Pete had always refused to shake his wanderlust. It was his only hopeful quality. Nineteen years, he learned, can give and take everything from someone. He had given up on home long before he even had the privilege to, and his eyes had always been cast ahead, even if they were shaking uncontrollably in his thick skull. On some especially lonely high school evenings, he would pack his only suitcase until it threatened to explode, and he would sit on the edge of the bed and listen to the crickets and frogs and trains call for him from far outside his window. His heart yearned for all of them to know he could hear them and to know that his toes tingled with a similar restlessness. But he could never get himself to leave. He would only drink his own salty tears as he pushed the window shut and kicked his shoes off, falling asleep to the click of a whirling ceiling fan. 

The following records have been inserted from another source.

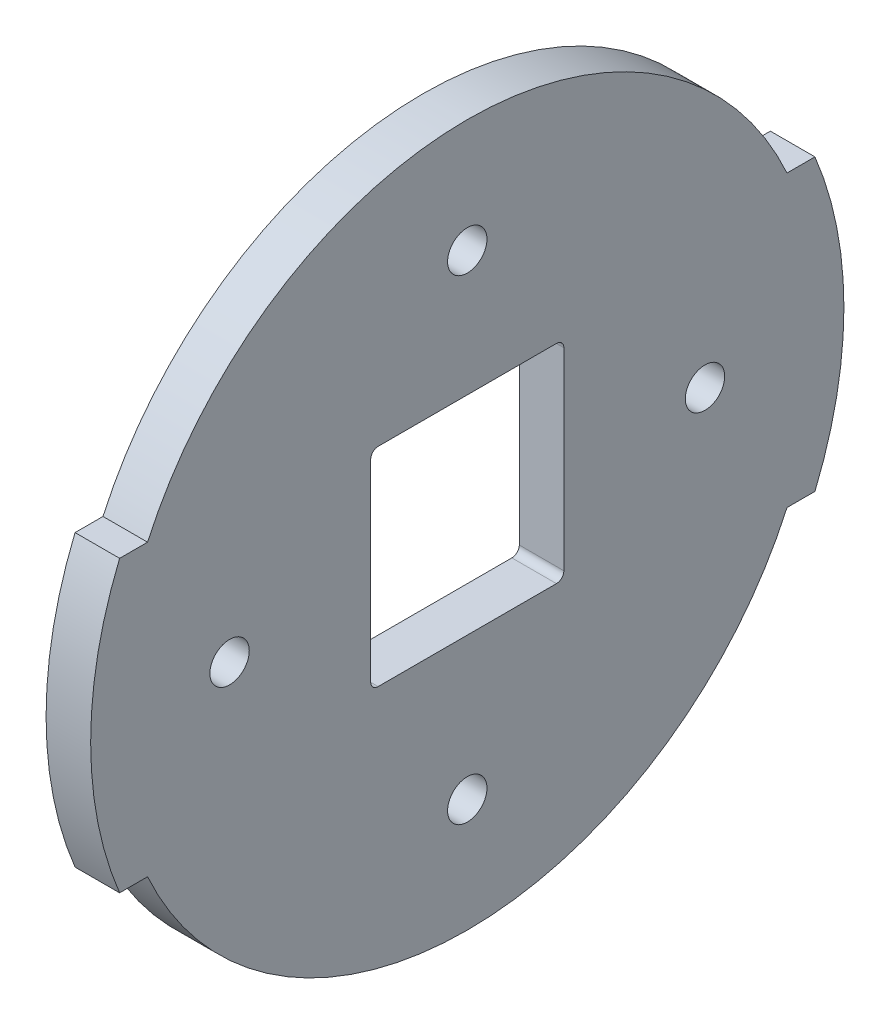
ISO-10303-21;
HEADER;
FILE_DESCRIPTION(('STEP AP214'),'2;1');
FILE_NAME('part.step','',(''),(''),'','','');
FILE_SCHEMA(('AUTOMOTIVE_DESIGN { 1 0 10303 214 1 1 1 1 }'));
ENDSEC;
DATA;
#1=APPLICATION_CONTEXT('core data for automotive mechanical design processes');
#2=APPLICATION_PROTOCOL_DEFINITION('international standard','automotive_design',2000,#1);
#3=PRODUCT_CONTEXT('',#1,'mechanical');
#4=PRODUCT('Part','Part','',(#3));
#5=PRODUCT_RELATED_PRODUCT_CATEGORY('part','',(#4));
#6=PRODUCT_DEFINITION_FORMATION('','',#4);
#7=PRODUCT_DEFINITION_CONTEXT('part definition',#1,'design');
#8=PRODUCT_DEFINITION('design','',#6,#7);
#9=PRODUCT_DEFINITION_SHAPE('','',#8);
#10=(LENGTH_UNIT() NAMED_UNIT(*) SI_UNIT(.MILLI.,.METRE.));
#11=(NAMED_UNIT(*) PLANE_ANGLE_UNIT() SI_UNIT($,.RADIAN.));
#12=(NAMED_UNIT(*) SI_UNIT($,.STERADIAN.) SOLID_ANGLE_UNIT());
#13=UNCERTAINTY_MEASURE_WITH_UNIT(LENGTH_MEASURE(1.E-05),#10,'distance_accuracy_value','');
#14=(GEOMETRIC_REPRESENTATION_CONTEXT(3) GLOBAL_UNCERTAINTY_ASSIGNED_CONTEXT((#13)) GLOBAL_UNIT_ASSIGNED_CONTEXT((#10,
#11,#12)) REPRESENTATION_CONTEXT('',''));
#15=CARTESIAN_POINT('',(0.,0.,0.));
#16=DIRECTION('',(0.,0.,1.));
#17=DIRECTION('',(1.,0.,0.));
#18=AXIS2_PLACEMENT_3D('',#15,#16,#17);
#19=CARTESIAN_POINT('',(6.,0.,0.));
#20=DIRECTION('',(1.,0.,0.));
#21=DIRECTION('',(0.,0.,-1.));
#22=AXIS2_PLACEMENT_3D('',#19,#20,#21);
#23=PLANE('',#22);
#24=CARTESIAN_POINT('',(6.,0.,-32.));
#25=DIRECTION('',(1.,0.,0.));
#26=DIRECTION('',(0.,0.,-1.));
#27=AXIS2_PLACEMENT_3D('',#24,#25,#26);
#28=CIRCLE('',#27,2.64999999999999);
#29=CARTESIAN_POINT('',(6.,0.,-34.65));
#30=VERTEX_POINT('',#29);
#31=EDGE_CURVE('E306',#30,#30,#28,.T.);
#32=ORIENTED_EDGE('',*,*,#31,.F.);
#33=EDGE_LOOP('',(#32));
#34=FACE_BOUND('',#33,.T.);
#35=CARTESIAN_POINT('',(6.,32.,1.1172740284298E-13));
#36=DIRECTION('',(1.,0.,0.));
#37=DIRECTION('',(0.,0.,-1.));
#38=AXIS2_PLACEMENT_3D('',#35,#36,#37);
#39=CIRCLE('',#38,2.64999999999999);
#40=CARTESIAN_POINT('',(6.,32.,-2.64999999999987));
#41=VERTEX_POINT('',#40);
#42=EDGE_CURVE('E300',#41,#41,#39,.T.);
#43=ORIENTED_EDGE('',*,*,#42,.F.);
#44=EDGE_LOOP('',(#43));
#45=FACE_BOUND('',#44,.T.);
#46=CARTESIAN_POINT('',(6.,-2.23454805685961E-13,32.));
#47=DIRECTION('',(1.,0.,0.));
#48=DIRECTION('',(0.,0.,-1.));
#49=AXIS2_PLACEMENT_3D('',#46,#47,#48);
#50=CIRCLE('',#49,2.64999999999999);
#51=CARTESIAN_POINT('',(6.,-2.23454805685961E-13,29.35));
#52=VERTEX_POINT('',#51);
#53=EDGE_CURVE('E294',#52,#52,#50,.T.);
#54=ORIENTED_EDGE('',*,*,#53,.F.);
#55=EDGE_LOOP('',(#54));
#56=FACE_BOUND('',#55,.T.);
#57=CARTESIAN_POINT('',(6.,-32.,-3.35182208528941E-13));
#58=DIRECTION('',(1.,0.,0.));
#59=DIRECTION('',(0.,0.,-1.));
#60=AXIS2_PLACEMENT_3D('',#57,#58,#59);
#61=CIRCLE('',#60,2.64999999999999);
#62=CARTESIAN_POINT('',(6.,-32.,-2.65000000000032));
#63=VERTEX_POINT('',#62);
#64=EDGE_CURVE('E287',#63,#63,#61,.T.);
#65=ORIENTED_EDGE('',*,*,#64,.F.);
#66=EDGE_LOOP('',(#65));
#67=FACE_BOUND('',#66,.T.);
#68=CARTESIAN_POINT('',(6.,0.,0.));
#69=DIRECTION('',(1.,0.,0.));
#70=DIRECTION('',(0.,0.,-1.));
#71=AXIS2_PLACEMENT_3D('',#68,#69,#70);
#72=CIRCLE('',#71,50.7);
#73=CARTESIAN_POINT('',(6.,19.5,46.8));
#74=VERTEX_POINT('',#73);
#75=CARTESIAN_POINT('',(6.,-19.5,46.8));
#76=VERTEX_POINT('',#75);
#77=EDGE_CURVE('E196',#74,#76,#72,.T.);
#78=ORIENTED_EDGE('',*,*,#77,.T.);
#79=DIRECTION('',(0.,0.,-1.));
#80=VECTOR('',#79,1.);
#81=CARTESIAN_POINT('',(6.,-19.5,46.8));
#82=LINE('',#81,#80);
#83=CARTESIAN_POINT('',(6.,-19.5,43.0385002062107));
#84=VERTEX_POINT('',#83);
#85=EDGE_CURVE('E199',#76,#84,#82,.T.);
#86=ORIENTED_EDGE('',*,*,#85,.T.);
#87=CARTESIAN_POINT('',(6.,0.,0.));
#88=DIRECTION('',(1.,0.,0.));
#89=DIRECTION('',(0.,0.,-1.));
#90=AXIS2_PLACEMENT_3D('',#87,#88,#89);
#91=CIRCLE('',#90,47.25);
#92=CARTESIAN_POINT('',(6.,-19.5,-43.0385002062107));
#93=VERTEX_POINT('',#92);
#94=EDGE_CURVE('E202',#84,#93,#91,.T.);
#95=ORIENTED_EDGE('',*,*,#94,.T.);
#96=DIRECTION('',(0.,0.,-1.));
#97=VECTOR('',#96,1.);
#98=CARTESIAN_POINT('',(6.,-19.5,-46.8));
#99=LINE('',#98,#97);
#100=CARTESIAN_POINT('',(6.,-19.5,-46.8));
#101=VERTEX_POINT('',#100);
#102=EDGE_CURVE('E204',#93,#101,#99,.T.);
#103=ORIENTED_EDGE('',*,*,#102,.T.);
#104=CARTESIAN_POINT('',(6.,0.,0.));
#105=DIRECTION('',(1.,0.,0.));
#106=DIRECTION('',(0.,0.,-1.));
#107=AXIS2_PLACEMENT_3D('',#104,#105,#106);
#108=CIRCLE('',#107,50.7);
#109=CARTESIAN_POINT('',(6.,19.5,-46.8));
#110=VERTEX_POINT('',#109);
#111=EDGE_CURVE('E206',#101,#110,#108,.T.);
#112=ORIENTED_EDGE('',*,*,#111,.T.);
#113=DIRECTION('',(0.,0.,1.));
#114=VECTOR('',#113,1.);
#115=CARTESIAN_POINT('',(6.,19.5,-46.8));
#116=LINE('',#115,#114);
#117=CARTESIAN_POINT('',(6.,19.5,-43.0385002062107));
#118=VERTEX_POINT('',#117);
#119=EDGE_CURVE('E208',#110,#118,#116,.T.);
#120=ORIENTED_EDGE('',*,*,#119,.T.);
#121=CARTESIAN_POINT('',(6.,0.,0.));
#122=DIRECTION('',(1.,0.,0.));
#123=DIRECTION('',(0.,0.,-1.));
#124=AXIS2_PLACEMENT_3D('',#121,#122,#123);
#125=CIRCLE('',#124,47.25);
#126=CARTESIAN_POINT('',(6.,19.5,43.0385002062107));
#127=VERTEX_POINT('',#126);
#128=EDGE_CURVE('E210',#118,#127,#125,.T.);
#129=ORIENTED_EDGE('',*,*,#128,.T.);
#130=DIRECTION('',(0.,0.,1.));
#131=VECTOR('',#130,1.);
#132=CARTESIAN_POINT('',(6.,19.5,46.8));
#133=LINE('',#132,#131);
#134=EDGE_CURVE('E212',#127,#74,#133,.T.);
#135=ORIENTED_EDGE('',*,*,#134,.T.);
#136=EDGE_LOOP('',(#78,#86,#95,#103,#112,#120,#129,#135));
#137=FACE_BOUND('',#136,.T.);
#138=CARTESIAN_POINT('',(6.,-11.85,12.));
#139=DIRECTION('',(1.,0.,0.));
#140=DIRECTION('',(0.,0.,-1.));
#141=AXIS2_PLACEMENT_3D('',#138,#139,#140);
#142=CIRCLE('',#141,1.);
#143=CARTESIAN_POINT('',(6.,-11.85,13.));
#144=VERTEX_POINT('',#143);
#145=CARTESIAN_POINT('',(6.,-12.85,12.));
#146=VERTEX_POINT('',#145);
#147=EDGE_CURVE('E160',#144,#146,#142,.T.);
#148=ORIENTED_EDGE('',*,*,#147,.F.);
#149=DIRECTION('',(0.,1.,0.));
#150=VECTOR('',#149,1.);
#151=CARTESIAN_POINT('',(6.,0.,13.));
#152=LINE('',#151,#150);
#153=CARTESIAN_POINT('',(6.,14.15,13.));
#154=VERTEX_POINT('',#153);
#155=EDGE_CURVE('E51',#144,#154,#152,.T.);
#156=ORIENTED_EDGE('',*,*,#155,.T.);
#157=CARTESIAN_POINT('',(6.,14.15,12.));
#158=DIRECTION('',(1.,0.,0.));
#159=DIRECTION('',(0.,0.,-1.));
#160=AXIS2_PLACEMENT_3D('',#157,#158,#159);
#161=CIRCLE('',#160,1.);
#162=CARTESIAN_POINT('',(6.,15.15,12.));
#163=VERTEX_POINT('',#162);
#164=EDGE_CURVE('E180',#154,#163,#161,.F.);
#165=ORIENTED_EDGE('',*,*,#164,.T.);
#166=DIRECTION('',(0.,0.,1.));
#167=VECTOR('',#166,1.);
#168=CARTESIAN_POINT('',(6.,15.15,0.));
#169=LINE('',#168,#167);
#170=CARTESIAN_POINT('',(6.,15.15,-12.));
#171=VERTEX_POINT('',#170);
#172=EDGE_CURVE('E177',#171,#163,#169,.T.);
#173=ORIENTED_EDGE('',*,*,#172,.F.);
#174=CARTESIAN_POINT('',(6.,14.15,-12.));
#175=DIRECTION('',(1.,0.,0.));
#176=DIRECTION('',(0.,0.,-1.));
#177=AXIS2_PLACEMENT_3D('',#174,#175,#176);
#178=CIRCLE('',#177,1.);
#179=CARTESIAN_POINT('',(6.,14.15,-13.));
#180=VERTEX_POINT('',#179);
#181=EDGE_CURVE('E174',#180,#171,#178,.T.);
#182=ORIENTED_EDGE('',*,*,#181,.F.);
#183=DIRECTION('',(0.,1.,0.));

It was almost strange and difficult to think of his lonely nights, especially since his bed (and backseat) was getting more and more cramped each passing day. He wasn't complaining, though. He'd never been so warm before. He looked over at Mikey, who was half-asleep against the passenger window.  "How are you doing?"

"Hm, me?" Mikey asked, lifting his head. "I could use the bathroom if that's okay with you."

"Read my mind," Pete replied. He looked in his rearview mirror at the angsty heap of limbs in the backseat. A pair of dark eyes emerged from their bottomless sockets and glared back at him. "And you?"